→ **TASK OBJECTIVE**:
In the listing below, which lines contain the string "Inport"? Copy them all.

→ **DATA SHOWN**:
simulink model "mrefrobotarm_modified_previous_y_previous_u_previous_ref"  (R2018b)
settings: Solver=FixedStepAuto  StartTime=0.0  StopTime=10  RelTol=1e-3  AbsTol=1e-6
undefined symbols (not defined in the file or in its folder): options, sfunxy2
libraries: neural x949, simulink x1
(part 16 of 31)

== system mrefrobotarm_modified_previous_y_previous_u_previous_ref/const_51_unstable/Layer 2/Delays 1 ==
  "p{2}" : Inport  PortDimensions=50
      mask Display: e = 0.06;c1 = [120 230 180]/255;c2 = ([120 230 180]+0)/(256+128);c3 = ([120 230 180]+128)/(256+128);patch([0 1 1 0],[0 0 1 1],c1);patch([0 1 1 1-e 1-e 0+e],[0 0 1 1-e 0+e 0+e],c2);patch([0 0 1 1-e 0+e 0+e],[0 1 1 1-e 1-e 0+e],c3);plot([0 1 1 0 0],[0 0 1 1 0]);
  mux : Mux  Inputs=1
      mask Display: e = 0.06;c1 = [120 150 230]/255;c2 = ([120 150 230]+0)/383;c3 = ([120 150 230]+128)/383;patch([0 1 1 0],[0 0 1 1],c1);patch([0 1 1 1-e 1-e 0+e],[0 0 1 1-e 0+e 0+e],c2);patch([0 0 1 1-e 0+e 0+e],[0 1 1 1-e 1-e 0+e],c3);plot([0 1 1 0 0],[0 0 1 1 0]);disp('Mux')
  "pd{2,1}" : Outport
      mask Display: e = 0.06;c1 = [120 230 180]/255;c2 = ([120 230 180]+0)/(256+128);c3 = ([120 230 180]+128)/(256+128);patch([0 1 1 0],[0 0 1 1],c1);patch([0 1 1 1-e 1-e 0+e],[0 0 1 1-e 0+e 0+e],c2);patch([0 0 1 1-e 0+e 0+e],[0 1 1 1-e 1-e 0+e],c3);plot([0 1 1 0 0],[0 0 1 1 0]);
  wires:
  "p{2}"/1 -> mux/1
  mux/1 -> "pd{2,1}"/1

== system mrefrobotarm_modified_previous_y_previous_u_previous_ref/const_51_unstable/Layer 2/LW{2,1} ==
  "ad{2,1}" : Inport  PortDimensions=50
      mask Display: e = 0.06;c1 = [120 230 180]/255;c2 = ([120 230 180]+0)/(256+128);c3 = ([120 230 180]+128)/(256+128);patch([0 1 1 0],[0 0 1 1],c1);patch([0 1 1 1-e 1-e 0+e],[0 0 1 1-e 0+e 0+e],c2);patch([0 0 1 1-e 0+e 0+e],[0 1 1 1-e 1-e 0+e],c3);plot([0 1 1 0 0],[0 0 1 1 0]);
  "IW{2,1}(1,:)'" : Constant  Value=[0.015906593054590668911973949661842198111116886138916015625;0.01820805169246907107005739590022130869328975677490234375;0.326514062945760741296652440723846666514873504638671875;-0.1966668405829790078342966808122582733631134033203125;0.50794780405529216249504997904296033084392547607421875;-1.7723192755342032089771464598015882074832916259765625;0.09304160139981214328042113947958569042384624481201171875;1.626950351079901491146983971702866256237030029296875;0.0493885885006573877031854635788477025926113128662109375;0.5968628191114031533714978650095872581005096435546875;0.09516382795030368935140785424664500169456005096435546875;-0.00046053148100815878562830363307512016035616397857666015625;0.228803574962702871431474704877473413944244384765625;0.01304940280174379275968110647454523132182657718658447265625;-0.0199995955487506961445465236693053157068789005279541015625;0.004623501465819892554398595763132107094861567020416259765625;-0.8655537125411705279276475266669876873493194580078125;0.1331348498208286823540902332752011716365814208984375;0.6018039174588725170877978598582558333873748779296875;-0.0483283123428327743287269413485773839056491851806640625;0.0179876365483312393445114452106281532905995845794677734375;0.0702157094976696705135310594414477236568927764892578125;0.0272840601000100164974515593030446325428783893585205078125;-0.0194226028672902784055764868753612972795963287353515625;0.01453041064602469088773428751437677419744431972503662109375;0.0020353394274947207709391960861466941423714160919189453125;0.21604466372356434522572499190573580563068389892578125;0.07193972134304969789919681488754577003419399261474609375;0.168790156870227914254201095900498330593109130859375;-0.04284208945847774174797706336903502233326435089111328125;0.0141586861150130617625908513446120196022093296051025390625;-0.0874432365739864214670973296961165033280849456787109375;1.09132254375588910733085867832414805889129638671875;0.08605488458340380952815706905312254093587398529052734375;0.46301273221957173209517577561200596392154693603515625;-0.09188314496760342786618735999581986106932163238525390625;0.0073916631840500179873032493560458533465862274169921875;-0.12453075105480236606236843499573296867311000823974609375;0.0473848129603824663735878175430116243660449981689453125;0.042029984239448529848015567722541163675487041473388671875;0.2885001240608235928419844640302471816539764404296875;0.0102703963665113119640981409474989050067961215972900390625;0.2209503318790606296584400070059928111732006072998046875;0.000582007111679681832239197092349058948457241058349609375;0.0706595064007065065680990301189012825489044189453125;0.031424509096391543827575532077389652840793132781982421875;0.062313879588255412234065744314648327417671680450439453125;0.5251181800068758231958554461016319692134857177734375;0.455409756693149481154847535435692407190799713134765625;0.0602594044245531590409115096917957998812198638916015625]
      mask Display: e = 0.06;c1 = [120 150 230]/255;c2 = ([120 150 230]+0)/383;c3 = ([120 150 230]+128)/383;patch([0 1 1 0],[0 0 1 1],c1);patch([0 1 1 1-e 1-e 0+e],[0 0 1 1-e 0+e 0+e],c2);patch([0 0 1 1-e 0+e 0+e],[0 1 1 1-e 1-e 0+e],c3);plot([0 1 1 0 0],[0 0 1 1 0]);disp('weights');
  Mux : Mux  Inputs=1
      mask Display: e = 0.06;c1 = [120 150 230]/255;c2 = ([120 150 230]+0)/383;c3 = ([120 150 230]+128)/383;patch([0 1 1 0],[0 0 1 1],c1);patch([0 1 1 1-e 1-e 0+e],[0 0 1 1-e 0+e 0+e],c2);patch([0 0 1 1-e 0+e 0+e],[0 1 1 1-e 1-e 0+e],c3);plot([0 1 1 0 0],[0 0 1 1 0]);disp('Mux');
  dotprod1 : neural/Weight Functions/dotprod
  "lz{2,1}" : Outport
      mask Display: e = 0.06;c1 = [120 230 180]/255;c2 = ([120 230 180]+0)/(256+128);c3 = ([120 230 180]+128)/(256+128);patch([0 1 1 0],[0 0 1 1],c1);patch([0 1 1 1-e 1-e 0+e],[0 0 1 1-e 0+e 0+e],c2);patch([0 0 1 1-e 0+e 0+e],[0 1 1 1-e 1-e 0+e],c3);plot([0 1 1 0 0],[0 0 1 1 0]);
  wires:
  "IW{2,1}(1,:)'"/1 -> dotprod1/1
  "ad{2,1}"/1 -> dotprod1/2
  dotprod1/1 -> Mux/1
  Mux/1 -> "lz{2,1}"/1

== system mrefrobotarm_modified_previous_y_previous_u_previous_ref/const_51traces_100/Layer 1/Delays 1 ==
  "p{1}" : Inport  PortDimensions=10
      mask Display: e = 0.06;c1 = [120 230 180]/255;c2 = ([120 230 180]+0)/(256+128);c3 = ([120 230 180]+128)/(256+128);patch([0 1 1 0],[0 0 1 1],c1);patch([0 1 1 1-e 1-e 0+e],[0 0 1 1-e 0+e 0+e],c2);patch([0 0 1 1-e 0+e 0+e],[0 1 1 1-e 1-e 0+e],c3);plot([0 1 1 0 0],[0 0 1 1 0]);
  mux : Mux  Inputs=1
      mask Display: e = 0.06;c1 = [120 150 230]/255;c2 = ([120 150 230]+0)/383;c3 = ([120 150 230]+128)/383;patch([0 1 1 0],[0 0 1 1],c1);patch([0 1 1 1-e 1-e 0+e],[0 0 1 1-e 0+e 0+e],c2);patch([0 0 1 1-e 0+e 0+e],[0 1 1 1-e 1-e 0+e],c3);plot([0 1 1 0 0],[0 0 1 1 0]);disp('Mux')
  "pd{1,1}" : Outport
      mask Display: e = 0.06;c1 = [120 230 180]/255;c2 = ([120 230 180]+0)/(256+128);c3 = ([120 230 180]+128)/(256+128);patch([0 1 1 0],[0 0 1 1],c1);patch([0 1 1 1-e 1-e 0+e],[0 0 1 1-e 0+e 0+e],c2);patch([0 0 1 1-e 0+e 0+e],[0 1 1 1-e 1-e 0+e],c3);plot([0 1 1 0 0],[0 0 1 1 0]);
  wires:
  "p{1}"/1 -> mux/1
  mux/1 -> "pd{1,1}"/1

→ **WRITTEN ANSWER**:
  "p{2}" : Inport  PortDimensions=50
  "ad{2,1}" : Inport  PortDimensions=50
  "p{1}" : Inport  PortDimensions=10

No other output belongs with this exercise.